## Given entries
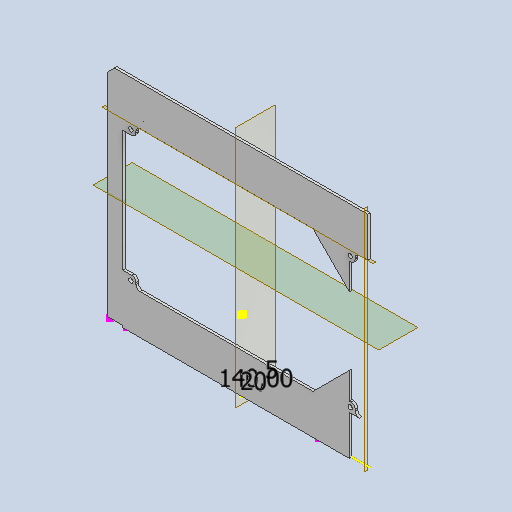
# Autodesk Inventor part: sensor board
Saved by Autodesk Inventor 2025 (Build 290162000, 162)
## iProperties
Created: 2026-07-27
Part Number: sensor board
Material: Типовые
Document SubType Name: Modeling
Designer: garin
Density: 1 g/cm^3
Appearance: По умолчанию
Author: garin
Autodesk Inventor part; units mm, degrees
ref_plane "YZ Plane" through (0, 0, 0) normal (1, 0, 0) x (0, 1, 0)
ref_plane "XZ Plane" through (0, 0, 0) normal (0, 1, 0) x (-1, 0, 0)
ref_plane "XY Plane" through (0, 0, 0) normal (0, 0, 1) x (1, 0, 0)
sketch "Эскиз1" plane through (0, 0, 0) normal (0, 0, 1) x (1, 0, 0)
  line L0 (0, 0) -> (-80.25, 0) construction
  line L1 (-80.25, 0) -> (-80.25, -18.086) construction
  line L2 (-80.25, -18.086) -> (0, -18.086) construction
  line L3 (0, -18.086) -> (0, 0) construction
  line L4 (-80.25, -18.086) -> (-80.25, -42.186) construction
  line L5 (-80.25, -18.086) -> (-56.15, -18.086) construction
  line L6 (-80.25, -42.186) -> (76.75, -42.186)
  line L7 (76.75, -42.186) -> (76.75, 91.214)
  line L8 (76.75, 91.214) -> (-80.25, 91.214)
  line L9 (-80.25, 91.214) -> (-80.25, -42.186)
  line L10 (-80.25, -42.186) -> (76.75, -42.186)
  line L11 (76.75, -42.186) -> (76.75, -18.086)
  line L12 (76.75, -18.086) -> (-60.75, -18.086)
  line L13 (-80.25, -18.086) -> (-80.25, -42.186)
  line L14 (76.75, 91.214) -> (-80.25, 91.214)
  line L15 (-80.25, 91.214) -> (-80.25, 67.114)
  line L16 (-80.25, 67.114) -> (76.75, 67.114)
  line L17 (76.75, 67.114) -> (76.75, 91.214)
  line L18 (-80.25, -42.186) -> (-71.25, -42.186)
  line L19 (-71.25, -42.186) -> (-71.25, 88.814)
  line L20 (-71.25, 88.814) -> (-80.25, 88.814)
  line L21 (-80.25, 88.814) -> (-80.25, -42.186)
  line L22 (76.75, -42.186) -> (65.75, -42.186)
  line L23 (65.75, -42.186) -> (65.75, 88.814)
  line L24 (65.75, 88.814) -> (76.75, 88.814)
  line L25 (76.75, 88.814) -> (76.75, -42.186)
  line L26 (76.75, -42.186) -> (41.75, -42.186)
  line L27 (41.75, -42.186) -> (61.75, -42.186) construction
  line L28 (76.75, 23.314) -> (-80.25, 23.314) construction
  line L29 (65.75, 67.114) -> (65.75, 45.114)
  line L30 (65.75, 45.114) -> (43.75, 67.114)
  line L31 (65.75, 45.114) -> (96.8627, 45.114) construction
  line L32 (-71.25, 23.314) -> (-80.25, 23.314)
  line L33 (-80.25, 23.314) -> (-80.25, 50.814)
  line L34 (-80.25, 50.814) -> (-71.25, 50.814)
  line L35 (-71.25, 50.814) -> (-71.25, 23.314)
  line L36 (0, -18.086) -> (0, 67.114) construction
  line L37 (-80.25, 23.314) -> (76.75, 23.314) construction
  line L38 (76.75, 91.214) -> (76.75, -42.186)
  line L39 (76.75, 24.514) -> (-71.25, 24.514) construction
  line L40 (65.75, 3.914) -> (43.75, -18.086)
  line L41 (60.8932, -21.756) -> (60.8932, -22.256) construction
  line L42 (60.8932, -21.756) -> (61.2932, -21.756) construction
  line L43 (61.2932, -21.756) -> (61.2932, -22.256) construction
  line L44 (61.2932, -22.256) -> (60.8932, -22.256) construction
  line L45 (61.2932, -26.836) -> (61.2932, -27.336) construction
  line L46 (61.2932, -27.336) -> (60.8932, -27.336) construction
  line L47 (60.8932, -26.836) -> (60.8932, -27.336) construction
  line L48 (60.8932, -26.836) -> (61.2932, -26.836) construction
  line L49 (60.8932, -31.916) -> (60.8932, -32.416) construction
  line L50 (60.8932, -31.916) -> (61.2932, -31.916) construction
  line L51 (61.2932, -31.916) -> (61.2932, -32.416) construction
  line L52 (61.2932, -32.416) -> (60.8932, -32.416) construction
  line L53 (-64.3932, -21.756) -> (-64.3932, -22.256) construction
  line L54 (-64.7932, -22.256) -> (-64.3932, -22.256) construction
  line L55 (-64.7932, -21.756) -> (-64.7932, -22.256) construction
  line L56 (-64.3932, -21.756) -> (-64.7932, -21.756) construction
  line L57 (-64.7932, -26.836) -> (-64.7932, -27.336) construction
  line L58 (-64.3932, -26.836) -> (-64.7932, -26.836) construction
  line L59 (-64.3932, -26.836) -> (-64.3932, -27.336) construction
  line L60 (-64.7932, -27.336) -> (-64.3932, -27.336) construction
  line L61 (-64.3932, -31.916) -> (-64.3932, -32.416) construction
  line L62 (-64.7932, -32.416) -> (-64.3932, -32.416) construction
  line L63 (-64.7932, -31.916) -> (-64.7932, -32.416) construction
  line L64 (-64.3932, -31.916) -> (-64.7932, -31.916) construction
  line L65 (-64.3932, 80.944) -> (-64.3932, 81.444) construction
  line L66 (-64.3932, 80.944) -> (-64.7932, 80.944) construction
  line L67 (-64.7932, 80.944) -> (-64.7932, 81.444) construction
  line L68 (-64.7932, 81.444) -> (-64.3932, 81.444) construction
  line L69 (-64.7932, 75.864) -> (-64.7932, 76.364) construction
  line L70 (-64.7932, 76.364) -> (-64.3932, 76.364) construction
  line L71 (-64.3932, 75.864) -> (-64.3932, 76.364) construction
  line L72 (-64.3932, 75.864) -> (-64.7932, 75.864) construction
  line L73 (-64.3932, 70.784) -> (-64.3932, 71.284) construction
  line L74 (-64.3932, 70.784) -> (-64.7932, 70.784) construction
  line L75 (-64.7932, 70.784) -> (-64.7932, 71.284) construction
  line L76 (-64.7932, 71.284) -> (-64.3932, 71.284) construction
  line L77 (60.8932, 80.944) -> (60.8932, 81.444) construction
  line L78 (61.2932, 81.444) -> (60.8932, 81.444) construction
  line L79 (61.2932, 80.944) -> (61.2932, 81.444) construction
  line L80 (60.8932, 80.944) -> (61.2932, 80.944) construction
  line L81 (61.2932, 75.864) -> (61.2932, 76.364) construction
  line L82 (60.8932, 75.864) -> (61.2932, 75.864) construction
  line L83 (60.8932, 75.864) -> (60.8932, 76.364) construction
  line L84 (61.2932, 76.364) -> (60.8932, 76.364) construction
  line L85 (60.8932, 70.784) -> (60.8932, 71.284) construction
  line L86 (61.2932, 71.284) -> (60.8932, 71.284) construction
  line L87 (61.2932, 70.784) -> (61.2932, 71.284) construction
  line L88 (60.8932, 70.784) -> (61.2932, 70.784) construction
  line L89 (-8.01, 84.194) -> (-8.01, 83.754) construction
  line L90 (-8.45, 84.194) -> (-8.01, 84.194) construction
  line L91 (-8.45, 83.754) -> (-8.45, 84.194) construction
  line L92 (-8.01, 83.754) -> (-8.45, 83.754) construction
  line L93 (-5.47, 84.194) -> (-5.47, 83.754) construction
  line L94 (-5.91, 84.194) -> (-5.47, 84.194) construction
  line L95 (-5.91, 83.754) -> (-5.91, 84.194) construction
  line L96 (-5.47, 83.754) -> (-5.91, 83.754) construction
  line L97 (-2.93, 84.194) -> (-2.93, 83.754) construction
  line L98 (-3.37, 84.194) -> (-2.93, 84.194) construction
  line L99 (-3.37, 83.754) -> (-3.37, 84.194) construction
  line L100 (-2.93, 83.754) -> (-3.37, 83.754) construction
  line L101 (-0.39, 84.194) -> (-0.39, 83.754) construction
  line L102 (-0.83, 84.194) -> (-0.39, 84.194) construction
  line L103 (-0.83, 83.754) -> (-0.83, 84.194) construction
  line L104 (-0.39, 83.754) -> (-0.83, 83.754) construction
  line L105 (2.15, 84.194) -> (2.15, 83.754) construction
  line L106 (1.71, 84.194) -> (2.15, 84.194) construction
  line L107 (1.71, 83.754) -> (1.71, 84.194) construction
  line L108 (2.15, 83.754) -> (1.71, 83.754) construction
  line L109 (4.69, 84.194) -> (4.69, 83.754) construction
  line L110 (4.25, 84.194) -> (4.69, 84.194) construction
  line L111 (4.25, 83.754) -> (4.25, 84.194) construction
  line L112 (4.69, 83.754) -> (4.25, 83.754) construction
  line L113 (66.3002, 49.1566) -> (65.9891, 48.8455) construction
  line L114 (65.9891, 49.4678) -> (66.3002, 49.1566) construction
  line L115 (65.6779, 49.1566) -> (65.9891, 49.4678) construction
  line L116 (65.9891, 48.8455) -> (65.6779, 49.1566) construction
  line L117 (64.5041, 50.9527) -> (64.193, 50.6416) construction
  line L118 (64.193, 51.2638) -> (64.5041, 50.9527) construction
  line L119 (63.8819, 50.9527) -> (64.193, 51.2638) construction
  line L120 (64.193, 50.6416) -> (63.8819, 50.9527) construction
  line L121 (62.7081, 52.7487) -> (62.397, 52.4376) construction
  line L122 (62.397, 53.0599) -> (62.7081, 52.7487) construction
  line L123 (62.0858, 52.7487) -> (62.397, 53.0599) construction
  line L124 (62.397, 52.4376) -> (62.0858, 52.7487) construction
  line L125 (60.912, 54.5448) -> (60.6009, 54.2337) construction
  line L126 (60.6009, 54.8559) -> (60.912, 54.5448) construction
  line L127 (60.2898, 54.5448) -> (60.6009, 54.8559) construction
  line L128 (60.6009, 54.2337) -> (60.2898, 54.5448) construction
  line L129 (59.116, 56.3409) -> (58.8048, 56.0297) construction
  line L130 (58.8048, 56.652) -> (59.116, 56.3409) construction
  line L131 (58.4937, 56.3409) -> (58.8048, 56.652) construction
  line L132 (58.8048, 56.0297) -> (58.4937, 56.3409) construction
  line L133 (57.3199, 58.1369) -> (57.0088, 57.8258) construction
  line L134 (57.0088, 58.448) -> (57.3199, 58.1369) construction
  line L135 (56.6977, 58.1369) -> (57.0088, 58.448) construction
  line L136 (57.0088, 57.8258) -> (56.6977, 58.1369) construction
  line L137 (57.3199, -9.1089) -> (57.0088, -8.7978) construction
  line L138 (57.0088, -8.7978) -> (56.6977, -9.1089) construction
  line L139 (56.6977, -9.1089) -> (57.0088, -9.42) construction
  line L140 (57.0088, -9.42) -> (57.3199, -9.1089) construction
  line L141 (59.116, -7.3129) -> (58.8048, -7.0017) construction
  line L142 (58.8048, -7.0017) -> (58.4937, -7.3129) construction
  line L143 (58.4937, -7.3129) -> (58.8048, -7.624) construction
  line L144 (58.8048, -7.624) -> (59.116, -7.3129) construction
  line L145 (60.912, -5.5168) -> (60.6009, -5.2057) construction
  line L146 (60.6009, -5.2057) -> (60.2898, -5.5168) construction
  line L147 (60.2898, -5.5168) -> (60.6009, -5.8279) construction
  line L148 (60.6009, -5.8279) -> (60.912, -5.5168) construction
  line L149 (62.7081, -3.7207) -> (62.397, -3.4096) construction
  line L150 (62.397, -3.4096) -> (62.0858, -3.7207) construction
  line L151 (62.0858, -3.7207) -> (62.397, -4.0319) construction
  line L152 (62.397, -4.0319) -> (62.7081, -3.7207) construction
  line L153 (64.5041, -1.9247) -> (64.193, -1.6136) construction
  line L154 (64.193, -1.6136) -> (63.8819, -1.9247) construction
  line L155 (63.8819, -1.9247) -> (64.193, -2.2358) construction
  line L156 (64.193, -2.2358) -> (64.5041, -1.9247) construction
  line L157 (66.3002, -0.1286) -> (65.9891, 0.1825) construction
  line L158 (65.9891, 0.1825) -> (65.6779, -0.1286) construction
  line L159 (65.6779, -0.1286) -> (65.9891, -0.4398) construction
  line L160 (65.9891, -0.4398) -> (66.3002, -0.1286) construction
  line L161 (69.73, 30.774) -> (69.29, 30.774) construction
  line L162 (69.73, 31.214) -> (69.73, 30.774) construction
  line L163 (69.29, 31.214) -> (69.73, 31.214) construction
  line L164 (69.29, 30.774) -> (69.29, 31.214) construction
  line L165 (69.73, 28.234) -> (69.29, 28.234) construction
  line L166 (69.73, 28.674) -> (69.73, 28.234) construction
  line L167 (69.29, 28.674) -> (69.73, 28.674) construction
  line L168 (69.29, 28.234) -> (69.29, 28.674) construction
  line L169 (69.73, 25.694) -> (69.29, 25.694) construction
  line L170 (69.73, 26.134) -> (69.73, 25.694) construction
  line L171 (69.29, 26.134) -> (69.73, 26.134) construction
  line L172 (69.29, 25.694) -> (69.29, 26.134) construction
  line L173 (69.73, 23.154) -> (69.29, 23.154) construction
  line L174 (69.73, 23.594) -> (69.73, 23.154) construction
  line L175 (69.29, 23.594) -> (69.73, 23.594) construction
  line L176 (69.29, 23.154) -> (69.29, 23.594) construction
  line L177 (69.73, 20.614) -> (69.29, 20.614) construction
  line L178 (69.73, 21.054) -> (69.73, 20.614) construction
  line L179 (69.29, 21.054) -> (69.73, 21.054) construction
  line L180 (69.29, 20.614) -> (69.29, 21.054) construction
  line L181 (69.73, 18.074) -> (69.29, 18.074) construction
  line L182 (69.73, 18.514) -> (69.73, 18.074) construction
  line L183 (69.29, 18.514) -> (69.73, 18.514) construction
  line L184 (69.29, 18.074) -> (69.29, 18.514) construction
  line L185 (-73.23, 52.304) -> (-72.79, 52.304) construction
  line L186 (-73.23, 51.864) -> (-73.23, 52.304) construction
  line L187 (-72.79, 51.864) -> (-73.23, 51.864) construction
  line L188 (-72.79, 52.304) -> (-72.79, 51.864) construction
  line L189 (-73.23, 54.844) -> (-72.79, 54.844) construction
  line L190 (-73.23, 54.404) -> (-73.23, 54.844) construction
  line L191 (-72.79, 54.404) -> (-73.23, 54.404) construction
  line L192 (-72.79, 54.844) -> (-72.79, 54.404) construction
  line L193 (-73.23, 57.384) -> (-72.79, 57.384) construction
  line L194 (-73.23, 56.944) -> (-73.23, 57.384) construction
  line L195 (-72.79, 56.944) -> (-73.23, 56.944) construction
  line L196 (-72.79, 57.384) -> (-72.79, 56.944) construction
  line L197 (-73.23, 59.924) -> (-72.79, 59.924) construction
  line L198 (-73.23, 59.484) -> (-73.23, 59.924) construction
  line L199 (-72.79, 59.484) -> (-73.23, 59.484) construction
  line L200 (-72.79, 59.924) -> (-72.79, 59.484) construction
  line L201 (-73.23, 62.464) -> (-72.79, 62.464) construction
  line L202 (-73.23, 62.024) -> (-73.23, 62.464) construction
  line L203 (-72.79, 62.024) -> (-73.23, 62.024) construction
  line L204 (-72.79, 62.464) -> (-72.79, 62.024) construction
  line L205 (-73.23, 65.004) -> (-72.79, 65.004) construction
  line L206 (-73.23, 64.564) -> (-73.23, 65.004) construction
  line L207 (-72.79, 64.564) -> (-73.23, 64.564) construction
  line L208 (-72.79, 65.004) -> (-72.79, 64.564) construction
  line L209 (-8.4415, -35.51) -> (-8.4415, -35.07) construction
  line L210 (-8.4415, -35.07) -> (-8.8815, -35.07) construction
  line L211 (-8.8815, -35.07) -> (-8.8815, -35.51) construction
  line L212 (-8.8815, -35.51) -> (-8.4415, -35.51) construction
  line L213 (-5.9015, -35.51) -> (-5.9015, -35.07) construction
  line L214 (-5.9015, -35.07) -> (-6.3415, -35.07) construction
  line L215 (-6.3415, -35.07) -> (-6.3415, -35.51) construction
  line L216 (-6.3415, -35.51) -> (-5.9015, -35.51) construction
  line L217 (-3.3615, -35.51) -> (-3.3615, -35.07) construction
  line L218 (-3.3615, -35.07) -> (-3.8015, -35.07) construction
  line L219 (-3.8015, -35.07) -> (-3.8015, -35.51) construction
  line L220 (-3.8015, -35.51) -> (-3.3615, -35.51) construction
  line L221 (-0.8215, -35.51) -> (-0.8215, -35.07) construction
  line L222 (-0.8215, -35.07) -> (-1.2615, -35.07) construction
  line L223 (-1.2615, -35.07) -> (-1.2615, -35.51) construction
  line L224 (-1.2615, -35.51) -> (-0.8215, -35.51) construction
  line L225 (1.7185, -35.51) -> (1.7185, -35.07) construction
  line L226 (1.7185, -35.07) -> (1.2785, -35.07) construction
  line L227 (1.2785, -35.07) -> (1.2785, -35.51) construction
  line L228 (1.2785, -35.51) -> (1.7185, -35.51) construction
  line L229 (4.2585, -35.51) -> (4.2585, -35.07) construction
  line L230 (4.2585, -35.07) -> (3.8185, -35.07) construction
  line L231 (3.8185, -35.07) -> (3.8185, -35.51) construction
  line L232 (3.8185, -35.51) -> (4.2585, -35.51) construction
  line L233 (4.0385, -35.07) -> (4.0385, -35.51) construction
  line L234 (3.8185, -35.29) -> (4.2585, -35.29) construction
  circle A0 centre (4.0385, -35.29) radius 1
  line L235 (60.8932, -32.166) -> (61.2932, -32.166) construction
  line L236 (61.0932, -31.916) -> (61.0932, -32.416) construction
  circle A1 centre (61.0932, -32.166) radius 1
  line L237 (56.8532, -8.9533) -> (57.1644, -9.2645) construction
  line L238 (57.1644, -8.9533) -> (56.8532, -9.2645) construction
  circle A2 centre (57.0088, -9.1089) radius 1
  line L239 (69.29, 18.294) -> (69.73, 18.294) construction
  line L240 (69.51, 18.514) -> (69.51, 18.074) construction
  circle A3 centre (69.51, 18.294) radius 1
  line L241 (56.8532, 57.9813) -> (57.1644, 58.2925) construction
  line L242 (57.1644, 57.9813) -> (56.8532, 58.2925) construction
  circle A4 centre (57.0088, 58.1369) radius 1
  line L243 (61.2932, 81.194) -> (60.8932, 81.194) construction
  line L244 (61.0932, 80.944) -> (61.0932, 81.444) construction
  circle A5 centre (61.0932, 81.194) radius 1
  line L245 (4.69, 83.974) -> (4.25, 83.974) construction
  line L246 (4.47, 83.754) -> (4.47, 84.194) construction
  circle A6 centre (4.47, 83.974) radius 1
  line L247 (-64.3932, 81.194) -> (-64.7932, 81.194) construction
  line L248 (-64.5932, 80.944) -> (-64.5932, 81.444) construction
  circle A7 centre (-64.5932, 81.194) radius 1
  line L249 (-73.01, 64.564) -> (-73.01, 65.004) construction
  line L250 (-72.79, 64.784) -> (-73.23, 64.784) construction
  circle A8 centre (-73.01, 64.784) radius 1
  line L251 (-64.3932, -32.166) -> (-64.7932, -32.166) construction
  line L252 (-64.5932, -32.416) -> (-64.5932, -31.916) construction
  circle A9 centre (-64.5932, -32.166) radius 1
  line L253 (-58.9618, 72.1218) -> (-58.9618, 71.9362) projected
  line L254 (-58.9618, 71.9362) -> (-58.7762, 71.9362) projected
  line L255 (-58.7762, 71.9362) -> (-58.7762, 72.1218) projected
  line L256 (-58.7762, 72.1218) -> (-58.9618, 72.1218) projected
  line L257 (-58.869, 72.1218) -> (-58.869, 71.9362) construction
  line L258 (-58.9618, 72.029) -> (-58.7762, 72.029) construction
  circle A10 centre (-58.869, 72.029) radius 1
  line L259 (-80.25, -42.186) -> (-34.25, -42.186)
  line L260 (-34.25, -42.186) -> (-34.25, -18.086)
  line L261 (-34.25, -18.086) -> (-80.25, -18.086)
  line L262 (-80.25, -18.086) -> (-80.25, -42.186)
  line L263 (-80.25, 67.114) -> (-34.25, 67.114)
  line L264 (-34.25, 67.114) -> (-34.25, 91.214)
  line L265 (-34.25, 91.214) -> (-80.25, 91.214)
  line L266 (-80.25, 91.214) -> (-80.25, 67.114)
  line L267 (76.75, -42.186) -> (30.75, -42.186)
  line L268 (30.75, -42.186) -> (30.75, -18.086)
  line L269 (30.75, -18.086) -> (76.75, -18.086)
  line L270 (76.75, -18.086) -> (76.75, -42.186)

## Work instructions
Please return every line from the material above where the string "Inventor" occurs.

## Final answer
# Autodesk Inventor part: sensor board
Saved by Autodesk Inventor 2025 (Build 290162000, 162)
Autodesk Inventor part; units mm, degrees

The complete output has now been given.